Could you please point to documentation, if any, to understand containerd debug information ?

Please let me know if you need any further information.

Eshakk commented 7 years ago

@euank Could you please let me know any update on this ?

databus23 commented 7 years ago

@Eshakk As reported by @BugRoger we are also seeing this bug frequently. I happen to notice that your machines have a lot of CPUs. We are also having a lot of CPUs (80) on our barematel nodes.

The fact that this seems to be a go runtime bug and not many people seem to suffer from it maybe is only triggered by a sufficiently large GOMAXPROCS setting which defaults to the number of CPUs AFAIK.

It might be worth reducing GOMAXPROCS for the containerd process and see if that improves things.

@zihaoyu Do you also have a lot of CPUs in the nodes where you are experiencing those crashes?

krmayankk commented 7 years ago

i am also seeing this on 1.12.6 on Centos 7. Has this issue been resolved and is the fix available in 1.13.1 ?

boardcode commented 7 years ago

I am also experiencing this crash across nodes running docker version 1.12.6 on CoreOS 1353.7.0.

Eshakk commented 7 years ago

@boardcode Please check my last comment in this issue: https://github.com/moby/moby/issues/32537. Unfortunately, this issue has not been successfully reproduced by anyone.

brenix commented 7 years ago

We had this issue and used @databus23's suggestion about limiting GOMAXPROCS. After creating a systemd drop-in for containerd which sets the GOMAXPROCS environmental variable to a lower value, we have not seen this issue occur again (2w+)

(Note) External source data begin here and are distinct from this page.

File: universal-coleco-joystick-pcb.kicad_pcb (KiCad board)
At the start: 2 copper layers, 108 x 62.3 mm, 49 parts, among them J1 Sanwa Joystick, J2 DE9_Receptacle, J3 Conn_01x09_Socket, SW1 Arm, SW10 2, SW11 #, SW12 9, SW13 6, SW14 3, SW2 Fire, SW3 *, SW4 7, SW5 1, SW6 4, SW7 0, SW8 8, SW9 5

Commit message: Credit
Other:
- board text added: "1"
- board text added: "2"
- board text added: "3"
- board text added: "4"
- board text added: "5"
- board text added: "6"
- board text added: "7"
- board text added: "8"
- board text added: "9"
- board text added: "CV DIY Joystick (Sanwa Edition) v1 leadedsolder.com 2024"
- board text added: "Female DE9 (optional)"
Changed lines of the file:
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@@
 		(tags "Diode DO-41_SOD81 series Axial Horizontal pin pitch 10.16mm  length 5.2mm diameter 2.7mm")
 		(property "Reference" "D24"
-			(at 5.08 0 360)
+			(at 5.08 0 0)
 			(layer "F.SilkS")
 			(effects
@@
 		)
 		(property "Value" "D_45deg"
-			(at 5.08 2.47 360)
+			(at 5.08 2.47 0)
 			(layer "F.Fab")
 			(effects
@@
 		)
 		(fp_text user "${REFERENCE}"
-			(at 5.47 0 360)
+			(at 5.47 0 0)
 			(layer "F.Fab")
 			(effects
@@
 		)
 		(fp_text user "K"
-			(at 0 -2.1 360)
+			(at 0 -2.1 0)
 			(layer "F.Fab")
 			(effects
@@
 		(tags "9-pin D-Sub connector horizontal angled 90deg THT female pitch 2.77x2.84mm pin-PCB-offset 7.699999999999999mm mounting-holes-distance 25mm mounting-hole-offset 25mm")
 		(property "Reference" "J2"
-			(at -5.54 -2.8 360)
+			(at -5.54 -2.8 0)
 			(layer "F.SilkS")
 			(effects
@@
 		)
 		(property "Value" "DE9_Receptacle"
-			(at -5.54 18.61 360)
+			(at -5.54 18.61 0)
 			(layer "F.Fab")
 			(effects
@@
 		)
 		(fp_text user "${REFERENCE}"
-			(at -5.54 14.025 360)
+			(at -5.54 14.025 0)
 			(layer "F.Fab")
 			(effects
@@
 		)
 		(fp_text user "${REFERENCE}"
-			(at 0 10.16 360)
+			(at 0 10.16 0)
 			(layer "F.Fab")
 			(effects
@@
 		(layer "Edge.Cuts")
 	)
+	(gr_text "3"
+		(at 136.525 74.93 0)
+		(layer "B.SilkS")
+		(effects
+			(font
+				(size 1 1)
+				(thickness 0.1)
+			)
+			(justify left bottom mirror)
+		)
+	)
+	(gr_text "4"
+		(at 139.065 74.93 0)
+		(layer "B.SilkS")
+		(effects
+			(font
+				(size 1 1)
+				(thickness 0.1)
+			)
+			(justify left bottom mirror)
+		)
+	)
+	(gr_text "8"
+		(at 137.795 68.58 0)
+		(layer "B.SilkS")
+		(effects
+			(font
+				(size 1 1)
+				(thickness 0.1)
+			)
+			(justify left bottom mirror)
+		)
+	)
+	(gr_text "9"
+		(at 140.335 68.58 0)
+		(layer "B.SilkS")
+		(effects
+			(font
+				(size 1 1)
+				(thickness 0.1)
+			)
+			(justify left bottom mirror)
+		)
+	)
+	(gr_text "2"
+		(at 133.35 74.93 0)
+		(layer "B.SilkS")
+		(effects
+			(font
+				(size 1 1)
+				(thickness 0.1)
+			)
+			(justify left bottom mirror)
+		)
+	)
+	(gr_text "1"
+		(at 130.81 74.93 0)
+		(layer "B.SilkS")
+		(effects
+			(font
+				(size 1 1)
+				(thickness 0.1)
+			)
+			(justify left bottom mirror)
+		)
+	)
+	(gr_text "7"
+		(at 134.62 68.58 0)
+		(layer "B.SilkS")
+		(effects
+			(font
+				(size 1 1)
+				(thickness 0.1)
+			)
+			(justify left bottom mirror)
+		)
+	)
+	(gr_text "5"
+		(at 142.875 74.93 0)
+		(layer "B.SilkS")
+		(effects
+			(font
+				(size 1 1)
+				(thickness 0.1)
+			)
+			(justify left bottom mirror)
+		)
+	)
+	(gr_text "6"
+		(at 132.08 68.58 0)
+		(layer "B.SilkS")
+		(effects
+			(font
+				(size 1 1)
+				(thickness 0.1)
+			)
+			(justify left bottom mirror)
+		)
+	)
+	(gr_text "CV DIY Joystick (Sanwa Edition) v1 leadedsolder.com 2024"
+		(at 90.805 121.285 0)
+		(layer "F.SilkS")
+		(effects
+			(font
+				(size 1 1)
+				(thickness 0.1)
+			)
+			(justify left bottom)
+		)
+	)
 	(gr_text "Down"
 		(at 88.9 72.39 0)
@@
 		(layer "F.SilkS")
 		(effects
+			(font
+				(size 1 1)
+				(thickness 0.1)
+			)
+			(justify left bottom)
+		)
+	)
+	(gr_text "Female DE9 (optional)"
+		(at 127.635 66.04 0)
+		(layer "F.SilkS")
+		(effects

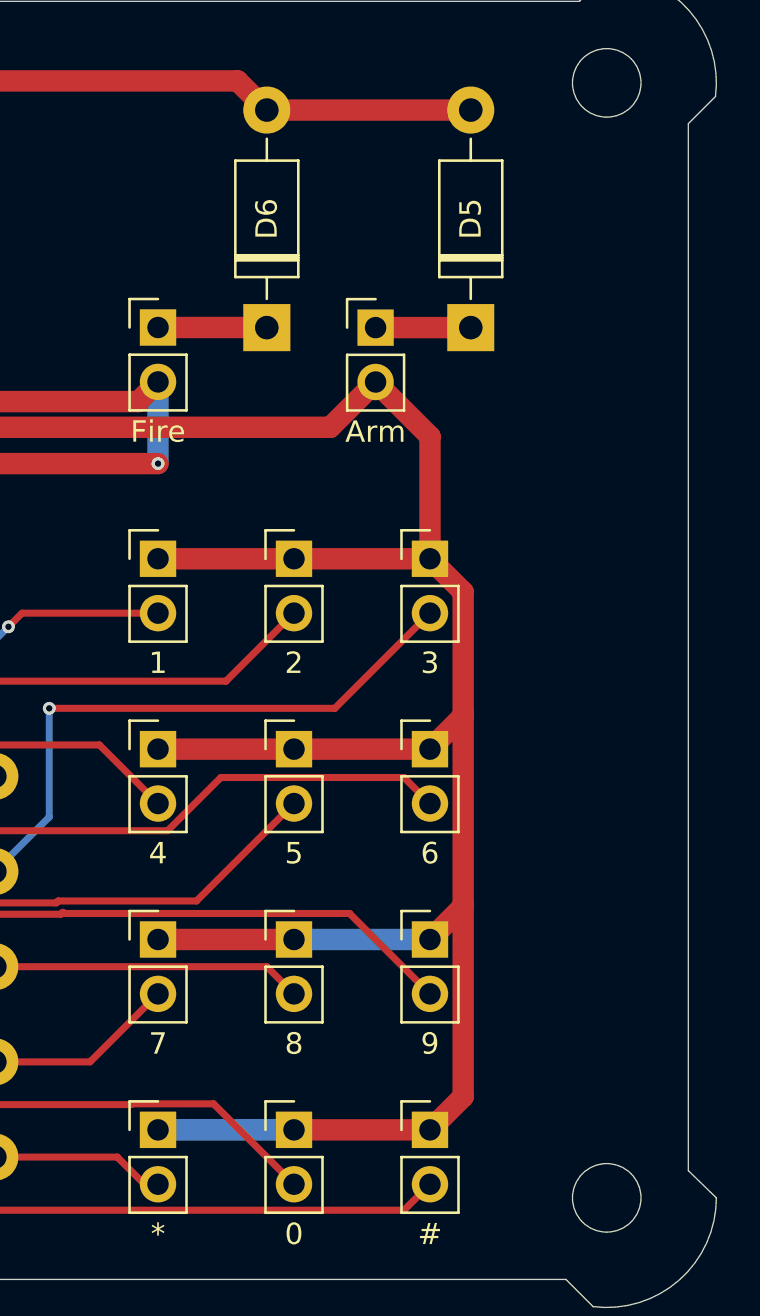
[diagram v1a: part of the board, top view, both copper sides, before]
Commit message: Linear KP header
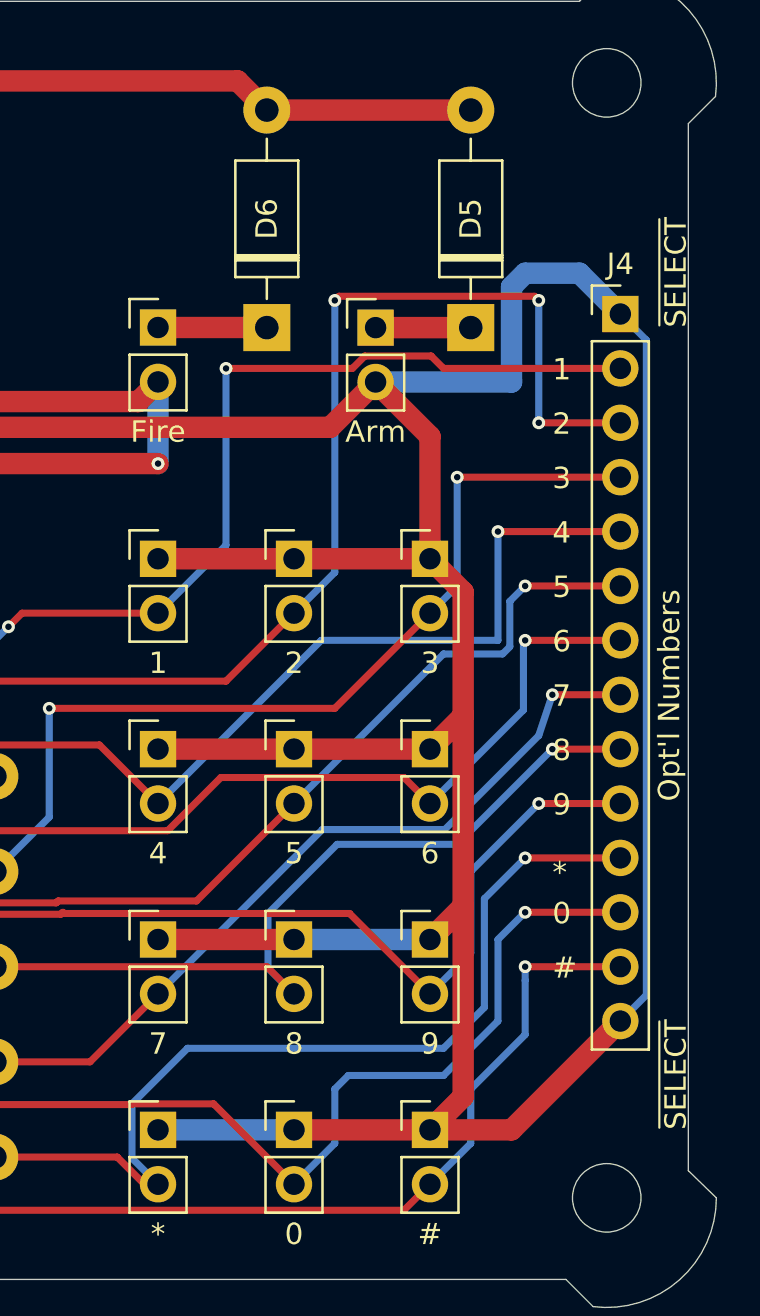
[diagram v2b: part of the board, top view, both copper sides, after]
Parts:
- added J4: Opt'l Numbers, Connector_PinHeader_2.54mm:PinHeader_1x14_P2.54mm_Vertical, F.Cu at (185.4, 76.8)
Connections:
- net Net-(D10-A) renamed /KP_7
- net Net-(D11-A) renamed /KP_1
- net Net-(D17-A) renamed /KP_8
- net Net-(D27-A) renamed /KP_3
- net Net-(D7-A) renamed /KP_STAR
- D12 pad 2: unconnected-(D12-A-Pad2) -> /KP_4
- D13 pad 2: unconnected-(D12-A-Pad2) -> /KP_4
- D14 pad 2: unconnected-(D12-A-Pad2) -> /KP_4
- D15 pad 2: unconnected-(D15-A-Pad2) -> /KP_0
- D16 pad 2: unconnected-(D15-A-Pad2) -> /KP_0
- D20 pad 2: unconnected-(D20-A-Pad2) -> /KP_5
- D21 pad 2: unconnected-(D20-A-Pad2) -> /KP_5
- D22 pad 2: unconnected-(D22-A-Pad2) -> /KP_2
- D23 pad 2: unconnected-(D23-A-Pad2) -> /KP_OCTOTHORPE
- D24 pad 2: unconnected-(D23-A-Pad2) -> /KP_OCTOTHORPE
- D25 pad 2: unconnected-(D25-A-Pad2) -> /KP_9
- D26 pad 2: unconnected-(D26-A-Pad2) -> /KP_6
- SW10 pad 2: unconnected-(D22-A-Pad2) -> /KP_2
- SW11 pad 2: unconnected-(D23-A-Pad2) -> /KP_OCTOTHORPE
- SW12 pad 2: unconnected-(D25-A-Pad2) -> /KP_9
- SW13 pad 2: unconnected-(D26-A-Pad2) -> /KP_6
- SW6 pad 2: unconnected-(D12-A-Pad2) -> /KP_4
- SW7 pad 2: unconnected-(D15-A-Pad2) -> /KP_0
- SW9 pad 2: unconnected-(D20-A-Pad2) -> /KP_5
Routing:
- net /KP_4: track 0.00 -> 82.2 mm, vias 0 -> 1
- net /KP_0: track 0.00 -> 81.8 mm, vias 0 -> 1
- net /KP_OCTOTHORPE: track 0.00 -> 79.5 mm, vias 0 -> 1
- net /KP_6: track 0.00 -> 76.8 mm, vias 0 -> 1
- net /KP_5: track 0.00 -> 69.7 mm, vias 0 -> 2
- net /KP_9: track 0.00 -> 65.0 mm, vias 0 -> 1
- net /KP_2: track 0.00 -> 63.2 mm, vias 0 -> 3
- net unconnected-(D23-A-Pad2): track 63.1 -> 0.00 mm
- net unconnected-(D26-A-Pad2): track 62.9 -> 0.00 mm
- net /~{Select}: track 141.6 -> 203.6 mm
- net unconnected-(D15-A-Pad2): track 57.6 -> 0.00 mm
- net unconnected-(D12-A-Pad2): track 52.4 -> 0.00 mm
- net unconnected-(D25-A-Pad2): track 50.2 -> 0.00 mm
- net unconnected-(D20-A-Pad2): track 49.0 -> 0.00 mm, vias 1 -> 0
- net /KP_STAR: track 36.0 -> 70.8 mm, vias 0 -> 1
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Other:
- board text added: "#"
- board text added: "*"
- board text added: "0"
- board text added: "~{SELECT}"

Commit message: Release v1 to JLC
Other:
- board text added: "2024-v1"
- board text added: "CV DIY Control leadedsolder.com"
- board text removed: "CV DIY Joystick (Sanwa Edition) v1 leadedsolder.com 2024"
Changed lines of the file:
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@@
 			(outputformat 1)
 			(mirror no)
-			(drillshape 1)
+			(drillshape 0)
 			(scaleselection 1)
-			(outputdirectory "")
+			(outputdirectory "cv-diy-joystick-proto1")
 		)
 	)
@@
 		)
 	)
+	(gr_rect
+		(start 94.615 91.44)
+		(end 100.33 120.015)
+		(stroke
+			(width 0.1)
+			(type solid)
+		)
+		(fill solid)
+		(layer "F.SilkS")
+	)
 	(gr_arc
 		(start 86.995 123.229533)
@@
 		)
 	)
-	(gr_text "CV DIY Joystick (Sanwa Edition) v1 leadedsolder.com 2024"
-		(at 90.805 121.285 0)
+	(gr_text "CV DIY Control\nleadedsolder.com"
+		(at 94 80.6 90)
 		(layer "F.SilkS")
 		(effects
 			(font
-				(size 1 1)
-				(thickness 0.1)
+				(size 3 3)
+				(thickness 0.5)
+				(bold yes)
+				(italic yes)
 			)
-			(justify left bottom)
+			(justify right bottom)
 		)
 	)
@@
 		(effects
 			(font
+				(size 1 1)
+				(thickness 0.1)
+			)
+			(justify left bottom)
+		)
+	)
+	(gr_text "2024-v1"
+		(at 96.52 90.805 90)
+		(layer "F.SilkS")
+		(effects
+			(font

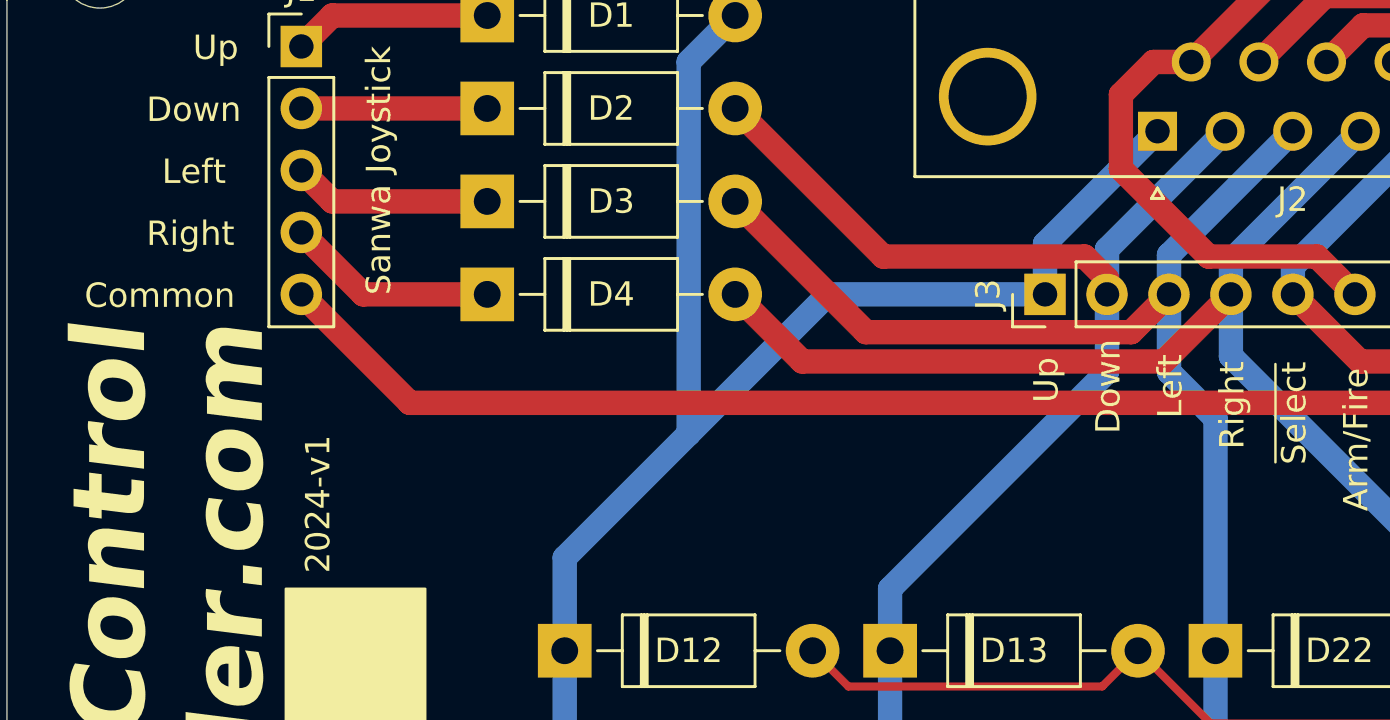
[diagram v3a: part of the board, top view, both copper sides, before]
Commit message: UDRL not UDLR joystick error
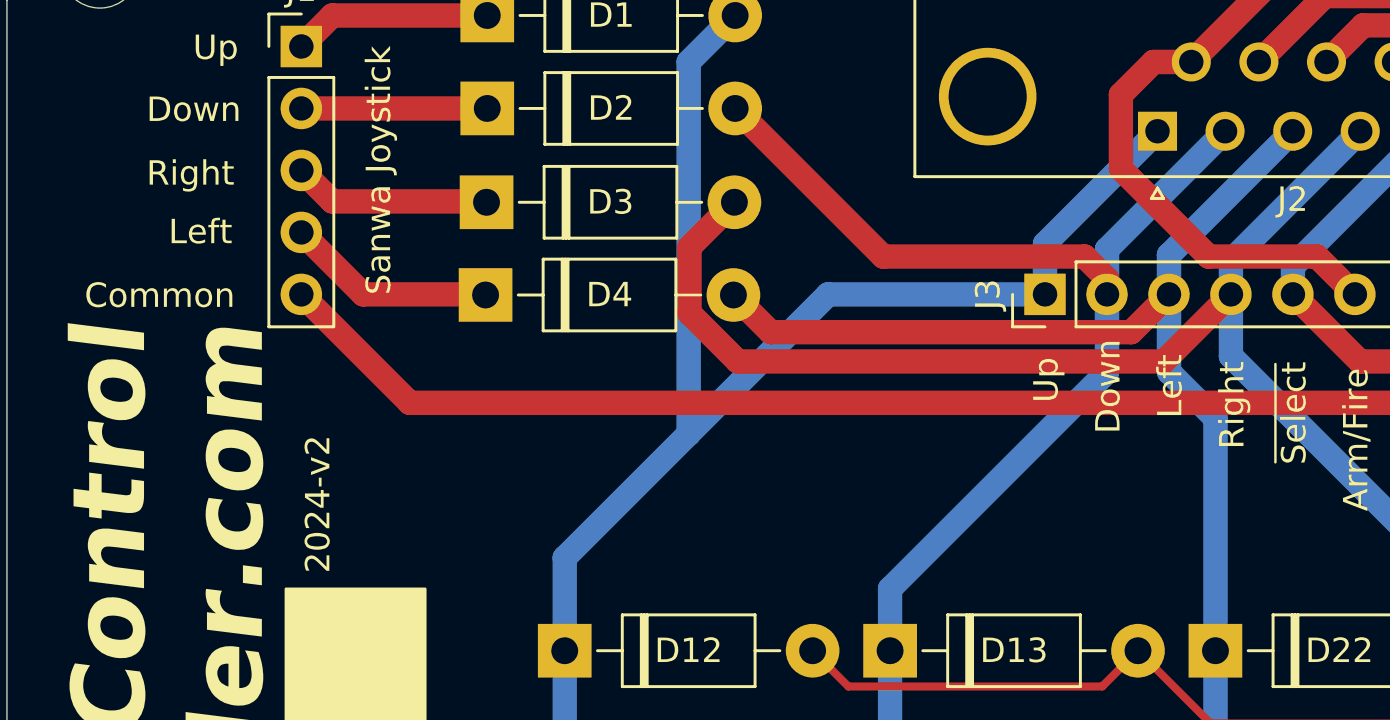
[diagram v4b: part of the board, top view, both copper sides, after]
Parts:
- moved D4 0.07 mm to (102.8, 79.4)
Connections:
- D3 pad 2: /Left -> /Right
- D4 pad 2: /Right -> /Left
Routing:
- net /Right: track 73.6 -> 80.4 mm
- net /Left: track 67.0 -> 65.5 mm
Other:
- board text added: "2024-v2"
- board text removed: "2024-v1"
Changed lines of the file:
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@@
 	(footprint "Diode_THT:D_DO-41_SOD81_P10.16mm_Horizontal"
 		(layer "F.Cu")
-		(at 102.87 79.375)
+		(at 102.8 79.4)
 		(descr "Diode, DO-41_SOD81 series, Axial, Horizontal, pin pitch=10.16mm, , length*diameter=5.2*2.7mm^2, , http://www.diodes.com/_files/packages/DO-41%20(Plastic).pdf")
 		(tags "Diode DO-41_SOD81 series Axial Horizontal pin pitch 10.16mm  length 5.2mm diameter 2.7mm")
@@
 			(layers "*.Cu" "*.Mask")
 			(remove_unused_layers no)
-			(net 8 "/Right")
+			(net 5 "/Left")
 			(pinfunction "A")
 			(pintype "passive")
@@
 	(footprint "Diode_THT:D_DO-41_SOD81_P10.16mm_Horizontal"
 		(layer "F.Cu")
-		(at 102.87 75.565)
+		(at 102.84 75.6)
 		(descr "Diode, DO-41_SOD81 series, Axial, Horizontal, pin pitch=10.16mm, , length*diameter=5.2*2.7mm^2, , http://www.diodes.com/_files/packages/DO-41%20(Plastic).pdf")
 		(tags "Diode DO-41_SOD81 series Axial Horizontal pin pitch 10.16mm  length 5.2mm diameter 2.7mm")
@@
 			(layers "*.Cu" "*.Mask")
 			(remove_unused_layers no)
-			(net 5 "/Left")
+			(net 8 "/Right")
 			(pinfunction "A")
 			(pintype "passive")
@@
 	(gr_text "Common"
 		(at 86.36 80.01 0)
-		(layer "F.SilkS")
+		(layer "F.SilkS" knockout)
 		(effects
 			(font
@@
 	)
 	(gr_text "Right"
-		(at 88.9 77.47 0)
+		(at 88.9 75 0)
 		(layer "F.SilkS")
 		(effects
@@
 	)
 	(gr_text "Left"
-		(at 89.535 74.93 0)
+		(at 89.8 77.4 0)
 		(layer "F.SilkS")
 		(effects
@@
 		)
 	)
-	(gr_text "2024-v1"
+	(gr_text "2024-v2"
 		(at 96.52 90.805 90)
 		(layer "F.SilkS")
@@
 	(segment
 		(start 129.26 80.925)
-		(end 118.39 80.925)
+		(end 114.485 80.925)
 		(width 1)
 		(layer "F.Cu")
@@
 	)
 	(segment
-		(start 130.81 79.375)
-		(end 129.26 80.925)
+		(start 114.485 80.925)
+		(end 112.96 79.4)
 		(width 1)
 		(layer "F.Cu")
@@
 	)
 	(segment
-		(start 118.39 80.925)
-		(end 113.03 75.565)
+		(start 130.81 79.375)
+		(end 129.26 80.925)
 		(width 1)
 		(layer "F.Cu")
@@
 	)
 	(segment
-		(start 115.78 82.125)
+		(start 111.16 80.145585)
+		(end 111.16 77.44)
+		(width 1)
+		(layer "F.Cu")
+		(net 8)
+	)
+	(segment
+		(start 130.6 82.125)
+		(end 113.139415 82.125)
+		(width 1)
+		(layer "F.Cu")
+		(net 8)
+	)
+	(segment
+		(start 133.35 79.375)
 		(end 130.6 82.125)
 		(width 1)
@@
 	)
 	(segment
-		(start 113.03 79.375)
-		(end 115.78 82.125)
+		(start 111.16 77.44)
+		(end 113 75.6)
 		(width 1)
 		(layer "F.Cu")
@@
 	)
 	(segment
-		(start 130.6 82.125)
-		(end 133.35 79.375)
+		(start 113.139415 82.125)
+		(end 111.16 80.145585)
 		(width 1)
 		(layer "F.Cu")

pfhayes commented 7 years ago

I also encountered this issue on a machine with 16 cores and setting GOMAXPROCS resolved the issue

euank commented 6 years ago

I think all the evidence here still points to this being a go runtime bug. It's possible it's https://github.com/golang/go/issues/20427, which resulted in these sorts of random crashes; there are certainly some similarities here.

Our next step should be to start building containerd with a newer Go version and see if anyone still hits this.